◆ **Required action**:
Among the lines below, keep only those from the one containing "#278=VECTOR('',#277,1.);" through the one containing "#286=DIRECTION('',(0.,1.,0.));", and reproduce them exactly.

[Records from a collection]
•••

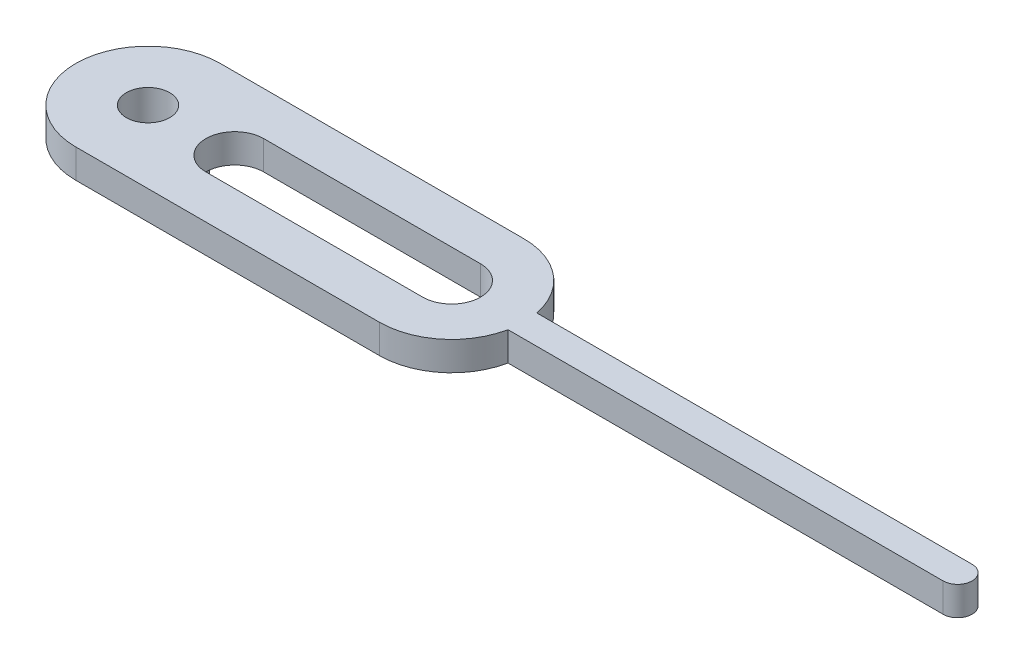
ISO-10303-21;
HEADER;
FILE_DESCRIPTION(('STEP AP214'),'2;1');
FILE_NAME('part.step','',(''),(''),'','','');
FILE_SCHEMA(('AUTOMOTIVE_DESIGN { 1 0 10303 214 1 1 1 1 }'));
ENDSEC;
DATA;
#1=APPLICATION_CONTEXT('core data for automotive mechanical design processes');
#2=APPLICATION_PROTOCOL_DEFINITION('international standard','automotive_design',2000,#1);
#3=PRODUCT_CONTEXT('',#1,'mechanical');
#4=PRODUCT('Part','Part','',(#3));
#5=PRODUCT_RELATED_PRODUCT_CATEGORY('part','',(#4));
#6=PRODUCT_DEFINITION_FORMATION('','',#4);
#7=PRODUCT_DEFINITION_CONTEXT('part definition',#1,'design');
#8=PRODUCT_DEFINITION('design','',#6,#7);
#9=PRODUCT_DEFINITION_SHAPE('','',#8);
#10=(LENGTH_UNIT() NAMED_UNIT(*) SI_UNIT(.MILLI.,.METRE.));
#11=(NAMED_UNIT(*) PLANE_ANGLE_UNIT() SI_UNIT($,.RADIAN.));
#12=(NAMED_UNIT(*) SI_UNIT($,.STERADIAN.) SOLID_ANGLE_UNIT());
#13=UNCERTAINTY_MEASURE_WITH_UNIT(LENGTH_MEASURE(1.E-05),#10,'distance_accuracy_value','');
#14=(GEOMETRIC_REPRESENTATION_CONTEXT(3) GLOBAL_UNCERTAINTY_ASSIGNED_CONTEXT((#13)) GLOBAL_UNIT_ASSIGNED_CONTEXT((#10,
#11,#12)) REPRESENTATION_CONTEXT('',''));
#15=CARTESIAN_POINT('',(0.,0.,0.));
#16=DIRECTION('',(0.,0.,1.));
#17=DIRECTION('',(1.,0.,0.));
#18=AXIS2_PLACEMENT_3D('',#15,#16,#17);
#19=CARTESIAN_POINT('',(0.,0.,0.));
#20=DIRECTION('',(0.,1.,0.));
#21=DIRECTION('',(0.,0.,1.));
#22=AXIS2_PLACEMENT_3D('',#19,#20,#21);
#23=PLANE('',#22);
#24=DIRECTION('',(1.,0.,0.));
#25=VECTOR('',#24,1.);
#26=CARTESIAN_POINT('',(0.,0.,-5.));
#27=LINE('',#26,#25);
#28=CARTESIAN_POINT('',(14.4948974278318,0.,-5.));
#29=VERTEX_POINT('',#28);
#30=CARTESIAN_POINT('',(165.,0.,-5.00000000000004));
#31=VERTEX_POINT('',#30);
#32=EDGE_CURVE('E193',#29,#31,#27,.T.);
#33=ORIENTED_EDGE('',*,*,#32,.T.);
#34=CARTESIAN_POINT('',(165.,0.,0.));
#35=DIRECTION('',(0.,1.,0.));
#36=DIRECTION('',(0.,0.,1.));
#37=AXIS2_PLACEMENT_3D('',#34,#35,#36);
#38=CIRCLE('',#37,5.);
#39=CARTESIAN_POINT('',(165.,0.,4.99999999999997));
#40=VERTEX_POINT('',#39);
#41=EDGE_CURVE('E217',#31,#40,#38,.F.);
#42=ORIENTED_EDGE('',*,*,#41,.T.);
#43=DIRECTION('',(-1.,0.,0.));
#44=VECTOR('',#43,1.);
#45=CARTESIAN_POINT('',(0.,0.,4.99999999999999));
#46=LINE('',#45,#44);
#47=CARTESIAN_POINT('',(14.4948974278318,0.,4.99999999999999));
#48=VERTEX_POINT('',#47);
#49=EDGE_CURVE('E214',#40,#48,#46,.T.);
#50=ORIENTED_EDGE('',*,*,#49,.T.);
#51=CARTESIAN_POINT('',(-10.,0.,0.));
#52=DIRECTION('',(0.,1.,0.));
#53=DIRECTION('',(0.,0.,1.));
#54=AXIS2_PLACEMENT_3D('',#51,#52,#53);
#55=CIRCLE('',#54,25.);
#56=CARTESIAN_POINT('',(-10.,0.,25.));
#57=VERTEX_POINT('',#56);
#58=EDGE_CURVE('E161',#57,#48,#55,.T.);
#59=ORIENTED_EDGE('',*,*,#58,.F.);
#60=DIRECTION('',(1.,0.,0.));
#61=VECTOR('',#60,1.);
#62=CARTESIAN_POINT('',(0.,0.,25.));
#63=LINE('',#62,#61);
#64=CARTESIAN_POINT('',(-115.,0.,25.));
#65=VERTEX_POINT('',#64);
#66=EDGE_CURVE('E208',#65,#57,#63,.T.);
#67=ORIENTED_EDGE('',*,*,#66,.F.);
#68=CARTESIAN_POINT('',(-115.,0.,0.));
#69=DIRECTION('',(0.,1.,0.));
#70=DIRECTION('',(0.,0.,1.));
#71=AXIS2_PLACEMENT_3D('',#68,#69,#70);
#72=CIRCLE('',#71,25.);
#73=CARTESIAN_POINT('',(-115.,0.,-25.));
#74=VERTEX_POINT('',#73);
#75=EDGE_CURVE('E204',#74,#65,#72,.T.);
#76=ORIENTED_EDGE('',*,*,#75,.F.);
#77=DIRECTION('',(-1.,0.,0.));
#78=VECTOR('',#77,1.);
#79=CARTESIAN_POINT('',(0.,0.,-25.));
#80=LINE('',#79,#78);
#81=CARTESIAN_POINT('',(-10.,0.,-25.));
#82=VERTEX_POINT('',#81);
#83=EDGE_CURVE('E200',#82,#74,#80,.T.);
#84=ORIENTED_EDGE('',*,*,#83,.F.);
#85=CARTESIAN_POINT('',(-10.,0.,0.));
#86=DIRECTION('',(0.,1.,0.));
#87=DIRECTION('',(0.,0.,1.));
#88=AXIS2_PLACEMENT_3D('',#85,#86,#87);
#89=CIRCLE('',#88,25.);
#90=EDGE_CURVE('E196',#29,#82,#89,.T.);
#91=ORIENTED_EDGE('',*,*,#90,.F.);
#92=EDGE_LOOP('',(#33,#42,#50,#59,#67,#76,#84,#91));
#93=FACE_BOUND('',#92,.T.);
#94=CARTESIAN_POINT('',(-85.,0.,0.));
#95=DIRECTION('',(0.,1.,0.));
#96=DIRECTION('',(0.,0.,1.));
#97=AXIS2_PLACEMENT_3D('',#94,#95,#96);
#98=CIRCLE('',#97,10.);
#99=CARTESIAN_POINT('',(-85.,0.,-10.));
#100=VERTEX_POINT('',#99);
#101=CARTESIAN_POINT('',(-85.,0.,10.));
#102=VERTEX_POINT('',#101);
#103=EDGE_CURVE('E176',#100,#102,#98,.T.);
#104=ORIENTED_EDGE('',*,*,#103,.T.);
#105=DIRECTION('',(1.,0.,0.));
#106=VECTOR('',#105,1.);
#107=CARTESIAN_POINT('',(0.,0.,10.));
#108=LINE('',#107,#106);
#109=CARTESIAN_POINT('',(-10.,0.,10.));
#110=VERTEX_POINT('',#109);
#111=EDGE_CURVE('E189',#102,#110,#108,.T.);
#112=ORIENTED_EDGE('',*,*,#111,.T.);
#113=CARTESIAN_POINT('',(-10.,0.,0.));
#114=DIRECTION('',(0.,1.,0.));
#115=DIRECTION('',(0.,0.,1.));
#116=AXIS2_PLACEMENT_3D('',#113,#114,#115);
#117=CIRCLE('',#116,10.);
#118=CARTESIAN_POINT('',(-10.,0.,-10.));
#119=VERTEX_POINT('',#118);
#120=EDGE_CURVE('E185',#119,#110,#117,.F.);
#121=ORIENTED_EDGE('',*,*,#120,.F.);
#122=DIRECTION('',(-1.,0.,0.));
#123=VECTOR('',#122,1.);
#124=CARTESIAN_POINT('',(0.,0.,-10.));
#125=LINE('',#124,#123);
#126=EDGE_CURVE('E180',#119,#100,#125,.T.);
#127=ORIENTED_EDGE('',*,*,#126,.T.);
#128=EDGE_LOOP('',(#104,#112,#121,#127));
#129=FACE_BOUND('',#128,.T.);
#130=CARTESIAN_POINT('',(-115.,0.,0.));
#131=DIRECTION('',(0.,1.,0.));
#132=DIRECTION('',(0.,0.,1.));
#133=AXIS2_PLACEMENT_3D('',#130,#131,#132);
#134=CIRCLE('',#133,15.);
#135=CARTESIAN_POINT('',(-115.,0.,15.));
#136=VERTEX_POINT('',#135);
#137=EDGE_CURVE('E11',#136,#136,#134,.F.);
#138=ORIENTED_EDGE('',*,*,#137,.F.);
#139=EDGE_LOOP('',(#138));
#140=FACE_BOUND('',#139,.T.);
#141=ADVANCED_FACE('F47',(#93,#129,#140),#23,.F.);
#142=CARTESIAN_POINT('',(0.,10.,-5.));
#143=DIRECTION('',(0.,0.,-1.));
#144=DIRECTION('',(-1.,0.,0.));
#145=AXIS2_PLACEMENT_3D('',#142,#143,#144);
#146=PLANE('',#145);
#147=ORIENTED_EDGE('',*,*,#32,.F.);
#148=DIRECTION('',(0.,-1.,0.));
#149=VECTOR('',#148,1.);
#150=CARTESIAN_POINT('',(14.4948974278318,10.,-5.));
#151=LINE('',#150,#149);
#152=CARTESIAN_POINT('',(14.4948974278318,10.,-5.));
#153=VERTEX_POINT('',#152);
#154=EDGE_CURVE('E57',#153,#29,#151,.T.);
#155=ORIENTED_EDGE('',*,*,#154,.F.);
#156=DIRECTION('',(1.,0.,0.));
#157=VECTOR('',#156,1.);
#158=CARTESIAN_POINT('',(0.,10.,-5.));
#159=LINE('',#158,#157);
#160=CARTESIAN_POINT('',(165.,10.,-5.00000000000004));
#161=VERTEX_POINT('',#160);
#162=EDGE_CURVE('E281',#153,#161,#159,.T.);
#163=ORIENTED_EDGE('',*,*,#162,.T.);
#164=DIRECTION('',(0.,-1.,0.));
#165=VECTOR('',#164,1.);
#166=CARTESIAN_POINT('',(165.,10.,-5.00000000000004));
#167=LINE('',#166,#165);
#168=EDGE_CURVE('E65',#161,#31,#167,.T.);
#169=ORIENTED_EDGE('',*,*,#168,.T.);
#170=EDGE_LOOP('',(#147,#155,#163,#169));
#171=FACE_BOUND('',#170,.T.);
#172=ADVANCED_FACE('F318',(#171),#146,.T.);
#173=CARTESIAN_POINT('',(-10.,10.,0.));
#174=DIRECTION('',(0.,-1.,0.));
#175=DIRECTION('',(0.,0.,-1.));
#176=AXIS2_PLACEMENT_3D('',#173,#174,#175);
#177=CYLINDRICAL_SURFACE('',#176,25.);
#178=ORIENTED_EDGE('',*,*,#90,.T.);
#179=DIRECTION('',(0.,-1.,0.));
#180=VECTOR('',#179,1.);
#181=CARTESIAN_POINT('',(-10.,10.,-25.));
#182=LINE('',#181,#180);
#183=CARTESIAN_POINT('',(-10.,10.,-25.));
#184=VERTEX_POINT('',#183);
#185=EDGE_CURVE('E236',#184,#82,#182,.T.);
#186=ORIENTED_EDGE('',*,*,#185,.F.);
#187=CARTESIAN_POINT('',(-10.,10.,0.));
#188=DIRECTION('',(0.,1.,0.));
#189=DIRECTION('',(0.,0.,1.));
#190=AXIS2_PLACEMENT_3D('',#187,#188,#189);
#191=CIRCLE('',#190,25.);
#192=EDGE_CURVE('E284',#153,#184,#191,.T.);
#193=ORIENTED_EDGE('',*,*,#192,.F.);
#194=ORIENTED_EDGE('',*,*,#154,.T.);
#195=EDGE_LOOP('',(#178,#186,#193,#194));
#196=FACE_BOUND('',#195,.T.);
#197=ADVANCED_FACE('F322',(#196),#177,.T.);
#198=CARTESIAN_POINT('',(0.,10.,-25.));
#199=DIRECTION('',(0.,0.,1.));
#200=DIRECTION('',(1.,0.,0.));
#201=AXIS2_PLACEMENT_3D('',#198,#199,#200);
#202=PLANE('',#201);
#203=ORIENTED_EDGE('',*,*,#83,.T.);
#204=DIRECTION('',(0.,-1.,0.));
#205=VECTOR('',#204,1.);
#206=CARTESIAN_POINT('',(-115.,10.,-25.));
#207=LINE('',#206,#205);
#208=CARTESIAN_POINT('',(-115.,10.,-25.));
#209=VERTEX_POINT('',#208);
#210=EDGE_CURVE('E232',#209,#74,#207,.T.);
#211=ORIENTED_EDGE('',*,*,#210,.F.);
#212=DIRECTION('',(-1.,0.,0.));
#213=VECTOR('',#212,1.);
#214=CARTESIAN_POINT('',(0.,10.,-25.));
#215=LINE('',#214,#213);
#216=EDGE_CURVE('E288',#184,#209,#215,.T.);
#217=ORIENTED_EDGE('',*,*,#216,.F.);
#218=ORIENTED_EDGE('',*,*,#185,.T.);
#219=EDGE_LOOP('',(#203,#211,#217,#218));
#220=FACE_BOUND('',#219,.T.);
#221=ADVANCED_FACE('F458',(#220),#202,.F.);
#222=CARTESIAN_POINT('',(-115.,10.,0.));
#223=DIRECTION('',(0.,-1.,0.));
#224=DIRECTION('',(0.,0.,-1.));
#225=AXIS2_PLACEMENT_3D('',#222,#223,#224);
#226=CYLINDRICAL_SURFACE('',#225,25.);
#227=ORIENTED_EDGE('',*,*,#75,.T.);
#228=DIRECTION('',(0.,-1.,0.));
#229=VECTOR('',#228,1.);
#230=CARTESIAN_POINT('',(-115.,10.,25.));
#231=LINE('',#230,#229);
#232=CARTESIAN_POINT('',(-115.,10.,25.));
#233=VERTEX_POINT('',#232);
#234=EDGE_CURVE('E228',#233,#65,#231,.T.);
#235=ORIENTED_EDGE('',*,*,#234,.F.);
#236=CARTESIAN_POINT('',(-115.,10.,0.));
#237=DIRECTION('',(0.,1.,0.));
#238=DIRECTION('',(0.,0.,1.));
#239=AXIS2_PLACEMENT_3D('',#236,#237,#238);
#240=CIRCLE('',#239,25.);
#241=EDGE_CURVE('E292',#209,#233,#240,.T.);
#242=ORIENTED_EDGE('',*,*,#241,.F.);
#243=ORIENTED_EDGE('',*,*,#210,.T.);
#244=EDGE_LOOP('',(#227,#235,#242,#243));
#245=FACE_BOUND('',#244,.T.);
#246=ADVANCED_FACE('F298',(#245),#226,.T.);
#247=CARTESIAN_POINT('',(0.,10.,25.));
#248=DIRECTION('',(0.,0.,-1.));
#249=DIRECTION('',(-1.,0.,0.));
#250=AXIS2_PLACEMENT_3D('',#247,#248,#249);
#251=PLANE('',#250);
#252=ORIENTED_EDGE('',*,*,#66,.T.);
#253=DIRECTION('',(0.,-1.,0.));
#254=VECTOR('',#253,1.);
#255=CARTESIAN_POINT('',(-10.,10.,25.));
#256=LINE('',#255,#254);
#257=CARTESIAN_POINT('',(-10.,10.,25.));
#258=VERTEX_POINT('',#257);
#259=EDGE_CURVE('E165',#258,#57,#256,.T.);
#260=ORIENTED_EDGE('',*,*,#259,.F.);
#261=DIRECTION('',(1.,0.,0.));
#262=VECTOR('',#261,1.);
#263=CARTESIAN_POINT('',(0.,10.,25.));
#264=LINE('',#263,#262);
#265=EDGE_CURVE('E152',#233,#258,#264,.T.);
#266=ORIENTED_EDGE('',*,*,#265,.F.);
#267=ORIENTED_EDGE('',*,*,#234,.T.);
#268=EDGE_LOOP('',(#252,#260,#266,#267));
#269=FACE_BOUND('',#268,.T.);
#270=ADVANCED_FACE('F300',(#269),#251,.F.);
#271=CARTESIAN_POINT('',(-10.,10.,0.));
#272=DIRECTION('',(0.,-1.,0.));
#273=DIRECTION('',(0.,0.,-1.));
#274=AXIS2_PLACEMENT_3D('',#271,#272,#273);
#275=CYLINDRICAL_SURFACE('',#274,25.);
#276=ORIENTED_EDGE('',*,*,#58,.T.);
#277=DIRECTION('',(0.,-1.,0.));
#278=VECTOR('',#277,1.);
#279=CARTESIAN_POINT('',(14.4948974278318,10.,4.99999999999999));
#280=LINE('',#279,#278);
#281=CARTESIAN_POINT('',(14.4948974278318,10.,4.99999999999999));
#282=VERTEX_POINT('',#281);
#283=EDGE_CURVE('E159',#282,#48,#280,.T.);
#284=ORIENTED_EDGE('',*,*,#283,.F.);
#285=CARTESIAN_POINT('',(-10.,10.,0.));
#286=DIRECTION('',(0.,1.,0.));
#287=DIRECTION('',(0.,0.,1.));
#288=AXIS2_PLACEMENT_3D('',#285,#286,#287);
#289=CIRCLE('',#288,25.);
#290=EDGE_CURVE('E144',#258,#282,#289,.T.);
#291=ORIENTED_EDGE('',*,*,#290,.F.);
#292=ORIENTED_EDGE('',*,*,#259,.T.);
#293=EDGE_LOOP('',(#276,#284,#291,#292));
#294=FACE_BOUND('',#293,.T.);
#295=ADVANCED_FACE('F160',(#294),#275,.T.);
#296=CARTESIAN_POINT('',(0.,10.,4.99999999999999));
#297=DIRECTION('',(0.,0.,1.));
#298=DIRECTION('',(1.,0.,0.));
#299=AXIS2_PLACEMENT_3D('',#296,#297,#298);
#300=PLANE('',#299);
#301=ORIENTED_EDGE('',*,*,#49,.F.);
#302=DIRECTION('',(0.,-1.,0.));
#303=VECTOR('',#302,1.);
#304=CARTESIAN_POINT('',(165.,10.,4.99999999999997));
#305=LINE('',#304,#303);
#306=CARTESIAN_POINT('',(165.,10.,4.99999999999997));
#307=VERTEX_POINT('',#306);
#308=EDGE_CURVE('E103',#307,#40,#305,.T.);
#309=ORIENTED_EDGE('',*,*,#308,.F.);
#310=DIRECTION('',(-1.,0.,0.));
#311=VECTOR('',#310,1.);
#312=CARTESIAN_POINT('',(0.,10.,4.99999999999999));
#313=LINE('',#312,#311);
#314=EDGE_CURVE('E150',#307,#282,#313,.T.);
#315=ORIENTED_EDGE('',*,*,#314,.T.);
#316=ORIENTED_EDGE('',*,*,#283,.T.);
#317=EDGE_LOOP('',(#301,#309,#315,#316));
#318=FACE_BOUND('',#317,.T.);
#319=ADVANCED_FACE('F167',(#318),#300,.T.);
#320=CARTESIAN_POINT('',(-85.,10.,0.));
#321=DIRECTION('',(0.,-1.,0.));
#322=DIRECTION('',(0.,0.,-1.));
#323=AXIS2_PLACEMENT_3D('',#320,#321,#322);
#324=CYLINDRICAL_SURFACE('',#323,10.);
#325=ORIENTED_EDGE('',*,*,#103,.F.);
#326=DIRECTION('',(0.,-1.,0.));
#327=VECTOR('',#326,1.);
#328=CARTESIAN_POINT('',(-85.,10.,-10.));
#329=LINE('',#328,#327);
#330=CARTESIAN_POINT('',(-85.,10.,-10.));
#331=VERTEX_POINT('',#330);
#332=EDGE_CURVE('E115',#331,#100,#329,.T.);
#333=ORIENTED_EDGE('',*,*,#332,.F.);
#334=CARTESIAN_POINT('',(-85.,10.,0.));
#335=DIRECTION('',(0.,1.,0.));
#336=DIRECTION('',(0.,0.,1.));
#337=AXIS2_PLACEMENT_3D('',#334,#335,#336);
#338=CIRCLE('',#337,10.);
#339=CARTESIAN_POINT('',(-85.,10.,10.));
#340=VERTEX_POINT('',#339);
#341=EDGE_CURVE('E272',#331,#340,#338,.T.);
#342=ORIENTED_EDGE('',*,*,#341,.T.);
#343=DIRECTION('',(0.,-1.,0.));
#344=VECTOR('',#343,1.);
#345=CARTESIAN_POINT('',(-85.,10.,10.));
#346=LINE('',#345,#344);
#347=EDGE_CURVE('E172',#340,#102,#346,.T.);
#348=ORIENTED_EDGE('',*,*,#347,.T.);
#349=EDGE_LOOP('',(#325,#333,#342,#348));
#350=FACE_BOUND('',#349,.T.);
#351=ADVANCED_FACE('F256',(#350),#324,.F.);
#352=CARTESIAN_POINT('',(0.,10.,-10.));
#353=DIRECTION('',(0.,0.,1.));
#354=DIRECTION('',(1.,0.,0.));
#355=AXIS2_PLACEMENT_3D('',#352,#353,#354);
#356=PLANE('',#355);
#357=ORIENTED_EDGE('',*,*,#126,.F.);
#358=DIRECTION('',(0.,-1.,0.));
#359=VECTOR('',#358,1.);
#360=CARTESIAN_POINT('',(-10.,10.,-10.));
#361=LINE('',#360,#359);
#362=CARTESIAN_POINT('',(-10.,10.,-10.));
#363=VERTEX_POINT('',#362);
#364=EDGE_CURVE('E247',#363,#119,#361,.T.);
#365=ORIENTED_EDGE('',*,*,#364,.F.);
#366=DIRECTION('',(-1.,0.,0.));
#367=VECTOR('',#366,1.);
#368=CARTESIAN_POINT('',(0.,10.,-10.));
#369=LINE('',#368,#367);
#370=EDGE_CURVE('E255',#363,#331,#369,.T.);
#371=ORIENTED_EDGE('',*,*,#370,.T.);
#372=ORIENTED_EDGE('',*,*,#332,.T.);
#373=EDGE_LOOP('',(#357,#365,#371,#372));
#374=FACE_BOUND('',#373,.T.);
#375=ADVANCED_FACE('F253',(#374),#356,.T.);
#376=CARTESIAN_POINT('',(-10.,10.,0.));
#377=DIRECTION('',(0.,-1.,0.));
#378=DIRECTION('',(0.,0.,-1.));
#379=AXIS2_PLACEMENT_3D('',#376,#377,#378);
#380=CYLINDRICAL_SURFACE('',#379,10.);
#381=ORIENTED_EDGE('',*,*,#120,.T.);
#382=DIRECTION('',(0.,-1.,0.));
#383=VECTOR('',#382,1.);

•••

◆ **Response**:
#278=VECTOR('',#277,1.);
#279=CARTESIAN_POINT('',(14.4948974278318,10.,4.99999999999999));
#280=LINE('',#279,#278);
#281=CARTESIAN_POINT('',(14.4948974278318,10.,4.99999999999999));
#282=VERTEX_POINT('',#281);
#283=EDGE_CURVE('E159',#282,#48,#280,.T.);
#284=ORIENTED_EDGE('',*,*,#283,.F.);
#285=CARTESIAN_POINT('',(-10.,10.,0.));
#286=DIRECTION('',(0.,1.,0.));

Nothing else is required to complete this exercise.